E foi assim que a menina genial escolheu o caminho mais irracional de todos: o do coração.
Agora, diante daquele homem, sentia apenas um vazio tranquilo.
"Quando isso acabar, vou voltar pra minha área. Vou voltar a estudar. A fazer o que amo."
Ela sempre preferira robôs a pessoas.
Não gostava de cargos sociais, nem de representar, nem de sorrir quando queria chorar.
Ali, falando com ele sobre contratos, percebeu.
Já não era sua esposa.
Era apenas sua funcionária.
Cristiano continuou em silêncio.
Cristiano olhou para Tatiane com o rosto inexpressivo, e por um instante teve a estranha sensação de estar diante de uma ilusão.
Tatiane já não era mais a mesma de antes, não tinha mais o calor de outrora, nem aquele brilho vivo no olhar, tampouco se esforçava para agradá-lo.
Por fim, falou com frieza:
— Minha mãe está no Residencial Solaris. Vamos pra casa.
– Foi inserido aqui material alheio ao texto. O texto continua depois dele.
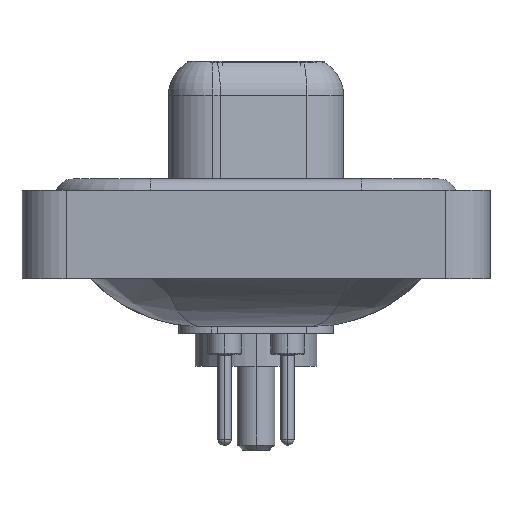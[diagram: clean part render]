
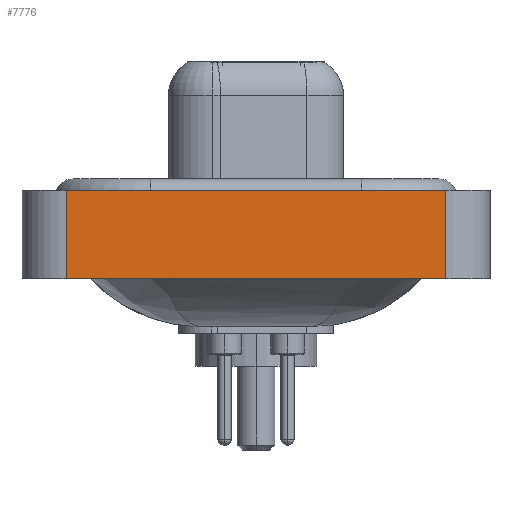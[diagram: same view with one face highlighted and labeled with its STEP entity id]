
A CAD part, left-side view. The second image highlights one B-rep face of the part: STEP entity #7776.
In plain terms, the highlighted planar face has unit normal (-1, 0, 0).
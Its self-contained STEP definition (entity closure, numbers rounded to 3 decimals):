
#219 = VERTEX_POINT ( 'NONE', #7583 ) ;
#597 = CARTESIAN_POINT ( 'NONE',  ( -7.25, 8.55, 0.4 ) ) ;
#673 = DIRECTION ( 'NONE',  ( 0., 0., 1. ) ) ;
#1604 = LINE ( 'NONE', #10791, #18461 ) ;
#2680 = VERTEX_POINT ( 'NONE', #597 ) ;
#4609 = ORIENTED_EDGE ( 'NONE', *, *, #8280, .F. ) ;
#5159 = DIRECTION ( 'NONE',  ( 0., 0., 1. ) ) ;
#5558 = CARTESIAN_POINT ( 'NONE',  ( -7.25, -8.55, 0.4 ) ) ;
#5711 = CARTESIAN_POINT ( 'NONE',  ( -7.25, -8.55, -3.6 ) ) ;
#7583 = CARTESIAN_POINT ( 'NONE',  ( -7.25, -8.55, -3.6 ) ) ;
#7665 = CARTESIAN_POINT ( 'NONE',  ( -7.25, 8.55, -3.6 ) ) ;
#7776 = ADVANCED_FACE ( 'NONE', ( #13236 ), #11845, .T. ) ;
#8280 = EDGE_CURVE ( 'NONE', #2680, #12486, #1604, .T. ) ;
#8355 = ORIENTED_EDGE ( 'NONE', *, *, #10534, .T. ) ;
#8634 = EDGE_CURVE ( 'NONE', #16820, #219, #10764, .T. ) ;
#8997 = DIRECTION ( 'NONE',  ( 0., -1., 0. ) ) ;
#9970 = CARTESIAN_POINT ( 'NONE',  ( -7.25, -8.55, -3.6 ) ) ;
#10534 = EDGE_CURVE ( 'NONE', #219, #12486, #15932, .T. ) ;
#10764 = LINE ( 'NONE', #19505, #15380 ) ;
#10791 = CARTESIAN_POINT ( 'NONE',  ( -7.25, -8.55, 0.4 ) ) ;
#10869 = EDGE_CURVE ( 'NONE', #16820, #2680, #15907, .T. ) ;
#11741 = DIRECTION ( 'NONE',  ( -1., 0., 0. ) ) ;
#11845 = PLANE ( 'NONE',  #15920 ) ;
#11920 = VECTOR ( 'NONE', #673, 1000. ) ;
#12486 = VERTEX_POINT ( 'NONE', #5558 ) ;
#13236 = FACE_OUTER_BOUND ( 'NONE', #14759, .T. ) ;
#14749 = VECTOR ( 'NONE', #5159, 1000. ) ;
#14759 = EDGE_LOOP ( 'NONE', ( #8355, #4609, #16931, #19547 ) ) ;
#15380 = VECTOR ( 'NONE', #8997, 1000. ) ;
#15523 = CARTESIAN_POINT ( 'NONE',  ( -7.25, 8.55, -3.6 ) ) ;
#15907 = LINE ( 'NONE', #15523, #11920 ) ;
#15920 = AXIS2_PLACEMENT_3D ( 'NONE', #5711, #11741, #17775 ) ;
#15932 = LINE ( 'NONE', #9970, #14749 ) ;
#16820 = VERTEX_POINT ( 'NONE', #7665 ) ;
#16851 = DIRECTION ( 'NONE',  ( 0., -1., 0. ) ) ;
#16931 = ORIENTED_EDGE ( 'NONE', *, *, #10869, .F. ) ;
#17775 = DIRECTION ( 'NONE',  ( 0., 0., 1. ) ) ;
#18461 = VECTOR ( 'NONE', #16851, 1000. ) ;
#19505 = CARTESIAN_POINT ( 'NONE',  ( -7.25, -8.55, -3.6 ) ) ;
#19547 = ORIENTED_EDGE ( 'NONE', *, *, #8634, .T. ) ;

Tatiane pareceu querer dizer algo, mas apenas assentiu.
— Tá bem. Só vou guardar os papéis e desligar o computador.
Ela organizou os documentos, desligou o monitor e, ao se virar, viu que Cristiano ainda estava ali.
Esperando.
Isso a surpreendeu por um segundo.
Pegou o celular e a bolsa, e o acompanhou pelo corredor vazio.
No elevador, o silêncio era denso.
Cristiano, mãos nos bolsos, olhava para o painel.
Tatiane encarava o reflexo dos dois na porta metálica.
Dois corpos lado a lado.
Tão distantes quanto estranhos.
Ao chegarem ao térreo, o Maybach preto os aguardava.
Tatiane entrou no banco de trás.
Cristiano foi para o volante.
Ela nunca mais tentara sentar-se na frente.
Lembrava da primeira vez, logo após o casamento, quando Lorena pedira que ele a levasse até a casa da família.
Ela abrira a porta do passageiro.
Cristiano trancara a porta.
O resto do caminho fizera em silêncio, com o coração apertado e o sorriso imóvel.
Desde então, nunca mais entrara no carro dele.
Naquela noite, era apenas coincidência.
Quando o motor ligou, Tatiane cruzou o braço esquerdo sobre o peito e segurou o celular com a mão direita.
Não olhou para ele.
Não tentou conversar.
O silêncio dentro do carro era quase palpável.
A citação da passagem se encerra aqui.